• _TASK INPUTS_:

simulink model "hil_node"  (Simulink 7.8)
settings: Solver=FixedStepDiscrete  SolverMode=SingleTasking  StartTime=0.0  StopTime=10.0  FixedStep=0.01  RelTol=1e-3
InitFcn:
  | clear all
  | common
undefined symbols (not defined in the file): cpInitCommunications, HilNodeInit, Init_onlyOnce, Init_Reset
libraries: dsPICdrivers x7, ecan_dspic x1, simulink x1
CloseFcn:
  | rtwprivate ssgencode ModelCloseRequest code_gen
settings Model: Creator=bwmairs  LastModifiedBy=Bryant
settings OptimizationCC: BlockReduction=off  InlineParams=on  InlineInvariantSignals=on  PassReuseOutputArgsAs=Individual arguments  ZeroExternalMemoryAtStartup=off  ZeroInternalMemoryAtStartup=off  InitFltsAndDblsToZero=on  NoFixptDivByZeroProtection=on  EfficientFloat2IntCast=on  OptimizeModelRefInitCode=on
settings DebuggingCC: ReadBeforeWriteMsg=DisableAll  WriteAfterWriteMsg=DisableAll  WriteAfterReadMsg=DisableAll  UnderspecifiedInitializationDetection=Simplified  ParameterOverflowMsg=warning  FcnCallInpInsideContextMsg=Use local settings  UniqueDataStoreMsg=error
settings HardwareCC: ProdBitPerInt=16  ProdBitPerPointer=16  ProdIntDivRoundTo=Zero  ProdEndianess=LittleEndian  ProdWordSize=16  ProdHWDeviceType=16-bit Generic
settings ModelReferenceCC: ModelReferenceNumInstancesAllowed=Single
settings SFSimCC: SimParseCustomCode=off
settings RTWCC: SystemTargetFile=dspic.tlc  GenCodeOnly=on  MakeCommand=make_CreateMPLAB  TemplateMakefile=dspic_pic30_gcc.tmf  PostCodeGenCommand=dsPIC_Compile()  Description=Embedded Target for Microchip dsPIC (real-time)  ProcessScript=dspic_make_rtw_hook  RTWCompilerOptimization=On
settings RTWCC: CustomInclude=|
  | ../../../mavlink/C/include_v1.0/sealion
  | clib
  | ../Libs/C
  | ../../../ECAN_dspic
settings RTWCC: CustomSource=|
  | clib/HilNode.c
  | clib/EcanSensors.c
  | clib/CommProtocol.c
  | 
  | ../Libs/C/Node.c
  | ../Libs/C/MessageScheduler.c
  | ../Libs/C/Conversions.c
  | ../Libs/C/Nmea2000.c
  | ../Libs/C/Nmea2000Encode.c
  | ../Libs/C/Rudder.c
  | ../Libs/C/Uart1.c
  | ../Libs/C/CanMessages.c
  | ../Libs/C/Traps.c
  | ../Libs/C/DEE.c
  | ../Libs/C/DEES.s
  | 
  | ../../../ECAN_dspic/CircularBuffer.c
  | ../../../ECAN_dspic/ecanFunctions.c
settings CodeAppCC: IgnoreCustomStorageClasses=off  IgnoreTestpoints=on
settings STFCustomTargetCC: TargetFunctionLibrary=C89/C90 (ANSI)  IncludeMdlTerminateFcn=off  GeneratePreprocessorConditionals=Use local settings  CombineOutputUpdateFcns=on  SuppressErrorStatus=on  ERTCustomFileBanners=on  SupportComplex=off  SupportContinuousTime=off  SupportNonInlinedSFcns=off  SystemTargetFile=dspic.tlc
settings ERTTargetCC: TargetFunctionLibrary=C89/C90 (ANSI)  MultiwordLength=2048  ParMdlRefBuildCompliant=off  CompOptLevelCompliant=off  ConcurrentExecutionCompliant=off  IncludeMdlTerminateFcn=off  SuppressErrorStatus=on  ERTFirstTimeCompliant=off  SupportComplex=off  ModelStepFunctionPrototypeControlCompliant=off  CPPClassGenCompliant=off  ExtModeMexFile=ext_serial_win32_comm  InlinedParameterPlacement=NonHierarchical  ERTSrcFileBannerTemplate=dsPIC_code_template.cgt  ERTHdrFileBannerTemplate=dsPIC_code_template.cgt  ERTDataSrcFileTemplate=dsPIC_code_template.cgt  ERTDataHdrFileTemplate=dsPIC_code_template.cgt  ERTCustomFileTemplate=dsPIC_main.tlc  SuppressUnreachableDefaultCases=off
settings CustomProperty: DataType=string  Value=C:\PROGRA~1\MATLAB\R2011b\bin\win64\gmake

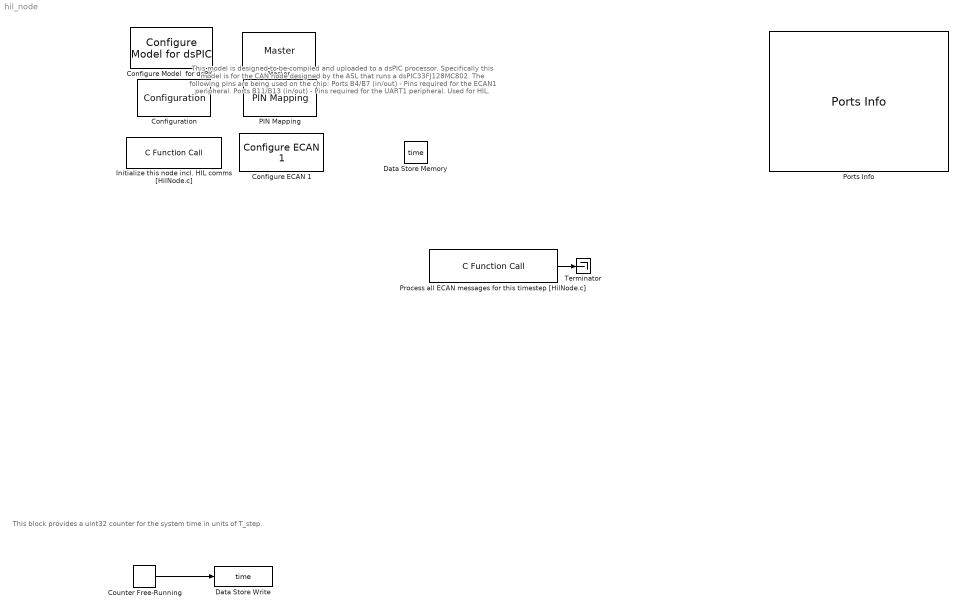
== system hil_node ==
  note: This model is designed to be compiled and uploaded to a dsPIC processor.
      | Specifically this model is for the CAN node designed by the ASL that runs a dsPIC33FJ128MC802.
      | The following pins are being used on the chip:
      | Ports B4/B7 (in/out) - Pins required for the ECAN1 peripheral.
      | Ports B11/B13 (in/out) - Pins required for the UART1 peripheral. Used for HIL.
  note: This block provides a uint32 counter for the system time in units of T_step.
  Configuration : dsPICdrivers/Configuration  double64=on
  Configure ECAN 1 : ecan_dspic/Configure ECAN 1  frame_setting=on  mode=Normal  dma_rx_chan=2  dma_tx_chan=0  baud=250000  ps1=8  pd=5  ps2=6  sjw=4  tq=20  triple_sample=on  dma_buf_size=4 buffers  rx_bufs=[1]  tx_bufs=[0]  buf_0_tx_pri=Highest  buf_0_rte=No  buf_1_tx_pri=Highest  buf_1_rte=No  buf_2_tx_pri=Lowest  buf_2_rte=No  buf_3_tx_pri=Lowest  buf_3_rte=No  buf_4_tx_pri=Lowest  buf_4_rte=No  buf_5_tx_pri=Lowest  buf_5_rte=No  buf_6_tx_pri=Lowest  buf_6_rte=No  buf_7_tx_pri=Lowest  buf_7_rte=No  mask_0=0  mask_0_mide=Match std or ext  mask_1=0  mask_1_mide=Match std or ext  mask_2=0  mask_2_mide=Match std or ext  filters=[0]  filter_0=0  filter_0_mask=0  filter_0_exide=Match only standard  filter_0_buf=1  filter_1=hex2dec('401')  filter_1_mask=0  filter_1_exide=Match only standard  filter_1_buf=2  filter_2=hex2dec('402')  filter_2_mask=0  filter_2_exide=Match only standard  filter_2_buf=3  filter_3=0  filter_3_mask=0  filter_3_exide=Match only standard  filter_3_buf=0  filter_4=0  filter_4_mask=0  filter_4_exide=Match only standard  filter_4_buf=0  filter_5=0  filter_5_mask=0  filter_5_exide=Match only standard  filter_5_buf=0  filter_6=0  filter_6_mask=0  filter_6_exide=Match only standard  filter_6_buf=0  filter_7=0  filter_7_mask=0  filter_7_exide=Match only standard  filter_7_buf=0  filter_8=0  filter_8_mask=0  filter_8_exide=Match only standard  filter_8_buf=0  filter_9=0  filter_9_mask=<empty>  filter_9_exide=Match only standard  filter_9_buf=0  filter_10=0  filter_10_mask=0  filter_10_exide=Match only standard  filter_10_buf=0  filter_11=0  filter_11_mask=0  filter_11_exide=Match only standard  filter_11_buf=0  filter_12=0  filter_12_mask=0  filter_12_exide=Match only standard  filter_12_buf=0  filter_13=0  filter_13_mask=0  filter_13_exide=Match only standard  filter_13_buf=0  filter_14=0  filter_14_mask=0  filter_14_exide=Match only standard  filter_14_buf=0  filter_15=0  filter_15_mask=0  filter_15_exide=Match only standard  filter_15_buf=0
  Configure Model  for dsPIC : dsPICdrivers/Simulink Configuration/Configure Model  for dsPIC
  Counter Free-Running : simulink/Sources/Counter Free-Running  NumBits=32  tsamp=T_step
  Data Store Memory : DataStoreMemory  DataStoreName=time  ReadBeforeWriteMsg=warning  WriteAfterWriteMsg=warning  WriteAfterReadMsg=warning  OutDataTypeStr=uint32
      settings: RTWStateStorageClass=ImportedExtern
  Data Store Write : DataStoreWrite  DataStoreName=time  DataStoreElements=time
  Initialize this node incl. HIL comms [HilNode.c] : dsPICdrivers/OTHERS/C Function Call  Tag=dsPIC_dsPIC_CFunctionCall  FctUpdate=None  fctName=cpInitCommunications  INPUT_SIZE=1  INPUT1=--  INPUT2=--  INPUT3=--  OUTPUT_SIZE=1  OUTPUT1=--  SampleTime=Inf  InputType=[]  OutputType=[]  FctDeclaration=extern void cpInitCommunications();  FctCall=cpInitCommunications();  OrderingInOutPopup=None  FctStart=Start Function (Call once and only once)  FctStart_Name=HilNodeInit  FctStart_Declaration=inline extern void HilNodeInit();  FctStart_Call=HilNodeInit();  FctInit=None  FctInit_Name=Init_Reset  FctInit_Declaration=inline extern void Init_Reset();  FctInit_Call=Init_Reset();  PinDigitalInput=[]  PinDigitalOutput=[]  AnalogueInput=[]
  Master : dsPICdrivers/Master  Tag=dsPIC_MASTER  Priority=1  TimeStepType=Timer1  picType=33fj128MC802  fcy=40008571.4286  Quartz_33f=8e6  PLLActive_33f=on  fcyDesired_33f=40000000  tmr1="[8  50010  -0.00057131]"  tmr1Info="Time Step : 0.01  ;   Error : -0.00057131%  PR1=50010"  tmr2345="[0  0  0  0]"  tmr2345cfg=[-1 -1 -1 -1]  IOautoConf=on  typePort="[ 0   0   0   0   0   0   0   0   0   0   0   0   0   0   0   0   0   0   0   0  22   0   0  23   0   0   0  23   0  22   0   0   0   0   0   0   0   0   0   0   0   0   0   0   0   0   0   0   0   0   0   0   0   0   0   0   0   0   0   0   0   0   0   0   0   0   0   0   0   0   0   0   0   0   0   0   0   0   0   0   0   0   0   0   0   0   0   0   0   0   0   0   0   0   0   0   0   0   0   0   0   0   0   0   0   0   0   0   0   0   0   0 ]"  TRIS="[ 65535  63359  65535  65535  65535  65535  65535 ]"  ADPCFG=0  MasterBusyPort=None  MasterOverloadPort=None  FOSC=Internal Fast RC 7.37Mhz  ClockSwitchMonitor=Both disabled  TempProtection_33f=TEMP_ON  FPBOR=<empty>  PWRT=disable  MCLR=<empty>  ICD=ICS_PGD3  JTAGEN=JTAGEN_OFF  PowerSave=off  OverrideFcy=off  NewFcy=1e6  PR2345="[65535  65535  65535  65535]"
  PIN Mapping : dsPICdrivers/Peripheral MAPPING/PIN Mapping  Tag=dsPIC_PIN_Mapping  in_INT1=Not tied (VSS)  in_INT2=Not tied (VSS)  in_T2CK=Not tied (VSS)  in_T3CK=Not tied (VSS)  in_T4CK=Not tied (VSS)  in_T5CK=Not tied (VSS)  in_IC1=Not tied (VSS)  in_IC2=Not tied (VSS)  in_IC7=Not tied (VSS)  in_IC8=Not tied (VSS)  out_OC1=Not changed  out_OC2=Not changed  out_OC3=Not changed  out_OC4=Not changed  in_OCFA=Not tied (VSS)  in_FLTA1=Not tied (VSS)  in_FLTA2=Not tied (VSS)  in_QEA1=Not tied (VSS)  in_QEB1=Not tied (VSS)  in_INDX1=Not tied (VSS)  out_UPDN1=Not changed  out_UPDN2=Not changed  in_QEA2=Not tied (VSS)  in_QEB2=Not tied (VSS)  in_INDX2=Not tied (VSS)  in_U1RX=tied to RP13  out_U1TX=tied to RP11  in_U1CTS=Not tied (VSS)  out_U1RTS=Not changed  in_U2RX=Not tied (VSS)  out_U2TX=Not changed  in_U2CTS=Not tied (VSS)  out_U2RTS=Not changed  in_SDI1=Not tied (VSS)  out_SDO1=Not changed  in_SCK1=Not tied (VSS)  out_SCK1OUT=Not changed  in_SS1=Not tied (VSS)  out_SS1OUT=Not changed  in_SDI2=Not tied (VSS)  out_SDO2=Not changed  in_SCK2=Not tied (VSS)  out_SCK2OUT=Not changed  in_SS2=Not tied (VSS)  out_SS2OUT=Not changed  in_C1RX=tied to RP4  out_C1TX=tied to RP7  out_C1OUT=Not changed  out_C2OUT=Not changed
  Ports Info : dsPICdrivers/Ports Info  Tag=dsPIC_PortInfo
  Process all ECAN messages for this timestep [HilNode.c] : dsPICdrivers/OTHERS/C Function Call  Tag=dsPIC_dsPIC_CFunctionCall  FctUpdate=Output Function  fctName=ProcessAllEcanMessages  INPUT_SIZE=1  INPUT1=--  INPUT2=--  INPUT3=--  OUTPUT_SIZE=1  OUTPUT1=uint8  SampleTime=.01  InputType=[ ]  OutputType=[ 2 ]  FctDeclaration=extern uint8_T ProcessAllEcanMessages();  FctCall=%y1 = ProcessAllEcanMessages();  OrderingInOutPopup=None  FctStart=None  FctStart_Name=Init_onlyOnce  FctStart_Declaration=inline extern void Init_onlyOnce();  FctStart_Call=Init_onlyOnce();  FctInit=None  FctInit_Name=Init_Reset  FctInit_Declaration=inline extern void Init_Reset();  FctInit_Call=Init_Reset();  PinDigitalInput=[]  PinDigitalOutput=[]  AnalogueInput=[]
  Terminator : Terminator
  wires:
  Counter Free-Running/1 -> Data Store Write/1
  Process all ECAN messages for this timestep [HilNode.c]/1 -> Terminator/1
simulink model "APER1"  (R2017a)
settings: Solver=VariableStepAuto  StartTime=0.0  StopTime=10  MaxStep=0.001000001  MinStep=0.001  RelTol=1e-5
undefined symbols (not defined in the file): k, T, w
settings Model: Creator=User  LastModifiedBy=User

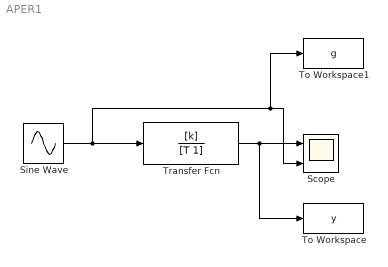
== system APER1 ==
  Scope : Scope  NumInputPorts=2
  Sine Wave : Sin  Frequency=w  SampleTime=0
  To Workspace : ToWorkspace  VariableName=y  SampleTime=-1
  To Workspace1 : ToWorkspace  VariableName=g  SampleTime=-1
  Transfer Fcn : TransferFcn  Numerator=[k]  Denominator=[T 1]
  wires:
  Sine Wave/1 -> To Workspace1/1, Scope/2, Transfer Fcn/1
  Transfer Fcn/1 -> To Workspace/1, Scope/1
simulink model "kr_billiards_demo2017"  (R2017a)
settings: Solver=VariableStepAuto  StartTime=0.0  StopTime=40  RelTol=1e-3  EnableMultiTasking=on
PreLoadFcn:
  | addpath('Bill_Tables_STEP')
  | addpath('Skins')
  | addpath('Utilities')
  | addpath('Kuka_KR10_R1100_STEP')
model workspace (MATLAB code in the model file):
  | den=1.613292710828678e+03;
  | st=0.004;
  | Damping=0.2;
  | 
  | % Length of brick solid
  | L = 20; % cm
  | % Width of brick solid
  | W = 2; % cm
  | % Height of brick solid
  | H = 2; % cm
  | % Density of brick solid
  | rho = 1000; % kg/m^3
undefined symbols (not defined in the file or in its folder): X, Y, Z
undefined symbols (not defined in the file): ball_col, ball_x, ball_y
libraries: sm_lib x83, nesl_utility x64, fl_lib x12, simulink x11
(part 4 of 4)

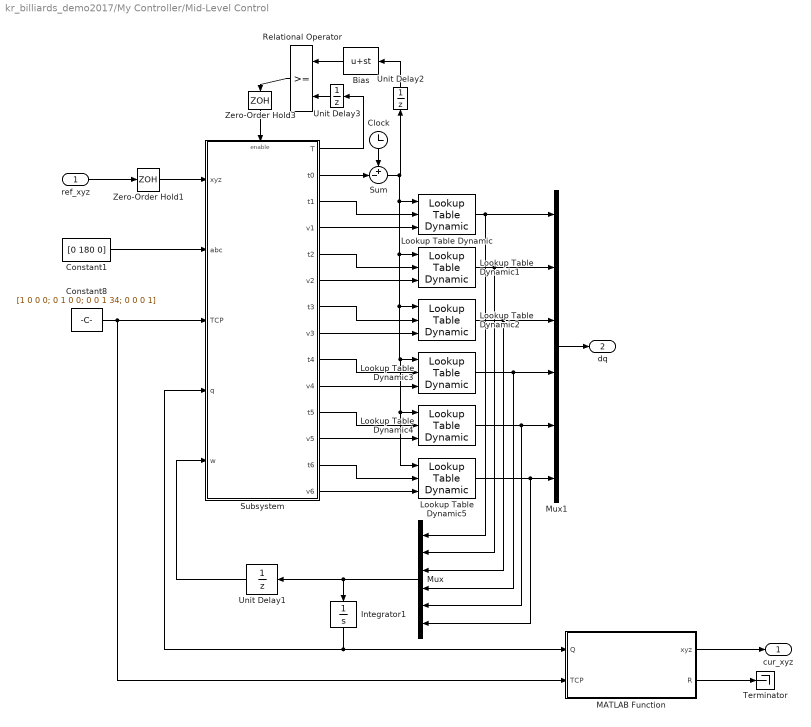
== system kr_billiards_demo2017/My Controller/Mid-Level Control ==
  ref_xyz : Inport
  Bias : Bias  Bias=st
  Clock : Clock
  Constant1 : Constant  Value=[0 180 0]
  Constant8 : Constant  Value=[1 0 0 0; 0 1 0 0; 0 0 1 34; 0 0 0 1]
  Integrator1 : Integrator
  Lookup Table Dynamic{,1..5} (6 alike) : simulink/Lookup Tables/Lookup Table Dynamic  LookUpMeth=Interpolation-Use End Values  OutDataType=fixdt('double')  OutScaling=[]  OutputDataTypeScalingMode=Specify via dialog  OutDataTypeStr=double  DoSatur=off
      settings: SourceProductName=Simulink
  MATLAB Function : MATLAB Function  TreatAsAtomicUnit=on
  Mux : Mux  Inputs=6
  Mux1 : Mux  Inputs=6
  Relational Operator : RelationalOperator  OutDataTypeStr=boolean  RndMeth=Simplest
  Subsystem : Subsystem
  Sum : Sum  Inputs=+-|
  Terminator : Terminator
  Unit Delay1 : UnitDelay  SampleTime=st
  Unit Delay2 : UnitDelay  SampleTime=st
  Unit Delay3 : UnitDelay  SampleTime=st
  Zero-Order Hold1 : ZeroOrderHold  SampleTime=st
  Zero-Order Hold3 : ZeroOrderHold  SampleTime=st
  cur_xyz : Outport
  dq : Outport  Port=2
  wires:
  Subsystem/9(t4) -> Lookup Table Dynamic3/2
  Subsystem/2(t0) -> Sum/2
  Subsystem/7(t3) -> Lookup Table Dynamic2/2
  Sum/1 -> Lookup Table Dynamic5/1, Lookup Table Dynamic4/1, Lookup Table Dynamic3/1, Lookup Table Dynamic2/1, Lookup Table Dynamic1/1, Lookup Table Dynamic/1, Unit Delay2/1
  Lookup Table Dynamic1/1 -> Mux1/2, Mux/2
  Clock/1 -> Sum/1
  Constant8/1 -> MATLAB Function/2(TCP), Subsystem/3(TCP)
  Subsystem/1(T) -> Unit Delay3/1
  Lookup Table Dynamic4/1 -> Mux1/5, Mux/5
  Subsystem/5(t2) -> Lookup Table Dynamic1/2
  Unit Delay3/1 -> Relational Operator/2
  Lookup Table Dynamic5/1 -> Mux1/6, Mux/6
  Unit Delay1/1 -> Subsystem/5(w)
  MATLAB Function/1(xyz) -> cur_xyz/1
  Mux1/1 -> dq/1
  Relational Operator/1 -> Zero-Order Hold3/1
  Lookup Table Dynamic2/1 -> Mux1/3, Mux/3
  Subsystem/8(v3) -> Lookup Table Dynamic2/3
  Subsystem/13(t6) -> Lookup Table Dynamic5/2
  Subsystem/12(v5) -> Lookup Table Dynamic4/3
  Subsystem/4(v1) -> Lookup Table Dynamic/3
  Mux/1 -> Integrator1/1, Unit Delay1/1
  Unit Delay2/1 -> Bias/1
  MATLAB Function/2(R) -> Terminator/1
  Subsystem/3(t1) -> Lookup Table Dynamic/2
  Subsystem/11(t5) -> Lookup Table Dynamic4/2
  Subsystem/14(v6) -> Lookup Table Dynamic5/3
  Subsystem/10(v4) -> Lookup Table Dynamic3/3
  Zero-Order Hold1/1 -> Subsystem/1(xyz)
  Lookup Table Dynamic/1 -> Mux1/1, Mux/1
  Subsystem/6(v2) -> Lookup Table Dynamic1/3
  Constant1/1 -> Subsystem/2(abc)
  ref_xyz/1 -> Zero-Order Hold1/1
  Zero-Order Hold3/1 -> Subsystem/Enable
  Lookup Table Dynamic3/1 -> Mux1/4, Mux/4
  Bias/1 -> Relational Operator/1
  Integrator1/1 -> Subsystem/4(q), MATLAB Function/1(Q)

== system kr_billiards_demo2017/My Controller/My Computer Vision ==
  cv_x : Inport
  cv_y : Inport  Port=2
  Detect Decrease2 : simulink/Logic and Bit Operations/Detect Decrease  vinit=0.0  OutDataTypeStr=boolean
  Detect Decrease3 : simulink/Logic and Bit Operations/Detect Decrease  vinit=0.0  OutDataTypeStr=boolean
  Step : Step  Time=20  Before=1  After=0  SampleTime=0
  Subsystem2 : Subsystem
      mask init:
      | numfoto = 5;
      | f = 500;
      | hx = 854;
      | hy = 480;
      | r = 34;         
      | 
      | load('cam_pos.mat','Q','TCP')
      | 
      | bg_rgb=[204 204 204];
      | tb_rgb=[2 157 41];
      | Bx=zeros(1,9);
      | By=Bx;
      | balls_found=0;
      | for n=1:numfoto
      |     imname=['image' num2str(n) '.bmp'];
      |     I=imread(imname);
      |     T=kuka_forward(Q(n,:),TCP);
      |     M=~(I(:,:,1)==bg_rgb(1) & I(:,:,2)==bg_rgb(2) & I(:,:,3)==bg_rgb(3)) & ~(I(:,:,1)==tb_rgb(1) & I(:,:,2)==tb_rgb(2) & I(:,:,3)==tb_rgb(3));
      |     s = regionprops(M,'Area','Centroid','MajorAxisLength','MinorAxisLength');
      |     for i=1:length(s)
      |         if s(i).Area>50 && abs(((s(i).MajorAxisLength-s(i).MinorAxisLength)/s(i).MajorAxisLength))<0.05 && abs(1-(1/16)*pi*(s(i).MajorAxisLength+s(i).MinorAxisLength)^2/s(i).Area)<0.05
      |             cam_r=sqrt((s(i).Area-sqrt(s(i).Area)*1.5)/pi);
      |             cam_z=f*r/cam_r;
      |             cam_x=cam_z*(s(i).Centroid(1)-hx/2)/f;
      |             cam_y=cam_z*(s(i).Centroid(2)-hy/2)/f;  
      |             ball_pos=T*[cam_x; cam_y; cam_z; 1];
      |             pos_x=ball_pos(1);
      |             pos_y=ball_pos(2);
      |             j=0;
      |             new_ball=true;
      |             while new_ball && j<balls_found 
      |                 j=j+1;
      |                 if sqrt((Bx(j)-pos_x)^2+(By(j)-pos_y)^2)<0.5*r
      |                     new_ball=false;
      |                     Bx(j)=(Bx(j)+pos_x)/2;
      |                     By(j)=(By(j)+pos_y)/2;
      |                 end
      |             end
      |             if new_ball
      |                 balls_found=balls_found+1;
      |                 Bx(balls_found)=pos_x;
      |                 By(balls_found)=pos_y;
      |             end
      |         end
      |     end
      | end
  Sum : Sum  Inputs=+
  Sum1 : Sum  Inputs=+
  Sum2 : Sum
  Switch : Switch  Criteria=u2 > Threshold
  Switch1 : Switch  Criteria=u2 > Threshold
  Zero-Order Hold2 : ZeroOrderHold  SampleTime=st
  Zero-Order Hold3 : ZeroOrderHold  SampleTime=st
  bx : Outport
  by : Outport  Port=2
  rst : Outport  Port=3
  wires:
  Switch/1 -> Zero-Order Hold2/1, by/1
  Subsystem2/1(Bx) -> Switch1/1
  Subsystem2/2(By) -> Switch/1
  Step/1 -> Switch/2, Switch1/2
  Switch1/1 -> bx/1, Zero-Order Hold3/1
  Detect Decrease2/1 -> Sum/1
  Sum/1 -> Sum2/1
  cv_x/1 -> Switch1/3
  Sum2/1 -> rst/1
  Zero-Order Hold3/1 -> Detect Decrease2/1
  cv_y/1 -> Switch/3
  Detect Decrease3/1 -> Sum1/1
  Sum1/1 -> Sum2/2
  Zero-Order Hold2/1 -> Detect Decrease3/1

• _WORK TASK_: Nothing but the exact lines from the start of the material through the line holding "settings SFSimCC: SimParseCustomCode=off", both included, belongs in the answer.

• _EXERCISE RESULT_:
simulink model "hil_node"  (Simulink 7.8)
settings: Solver=FixedStepDiscrete  SolverMode=SingleTasking  StartTime=0.0  StopTime=10.0  FixedStep=0.01  RelTol=1e-3
InitFcn:
  | clear all
  | common
undefined symbols (not defined in the file): cpInitCommunications, HilNodeInit, Init_onlyOnce, Init_Reset
libraries: dsPICdrivers x7, ecan_dspic x1, simulink x1
CloseFcn:
  | rtwprivate ssgencode ModelCloseRequest code_gen
settings Model: Creator=bwmairs  LastModifiedBy=Bryant
settings OptimizationCC: BlockReduction=off  InlineParams=on  InlineInvariantSignals=on  PassReuseOutputArgsAs=Individual arguments  ZeroExternalMemoryAtStartup=off  ZeroInternalMemoryAtStartup=off  InitFltsAndDblsToZero=on  NoFixptDivByZeroProtection=on  EfficientFloat2IntCast=on  OptimizeModelRefInitCode=on
settings DebuggingCC: ReadBeforeWriteMsg=DisableAll  WriteAfterWriteMsg=DisableAll  WriteAfterReadMsg=DisableAll  UnderspecifiedInitializationDetection=Simplified  ParameterOverflowMsg=warning  FcnCallInpInsideContextMsg=Use local settings  UniqueDataStoreMsg=error
settings HardwareCC: ProdBitPerInt=16  ProdBitPerPointer=16  ProdIntDivRoundTo=Zero  ProdEndianess=LittleEndian  ProdWordSize=16  ProdHWDeviceType=16-bit Generic
settings ModelReferenceCC: ModelReferenceNumInstancesAllowed=Single
settings SFSimCC: SimParseCustomCode=off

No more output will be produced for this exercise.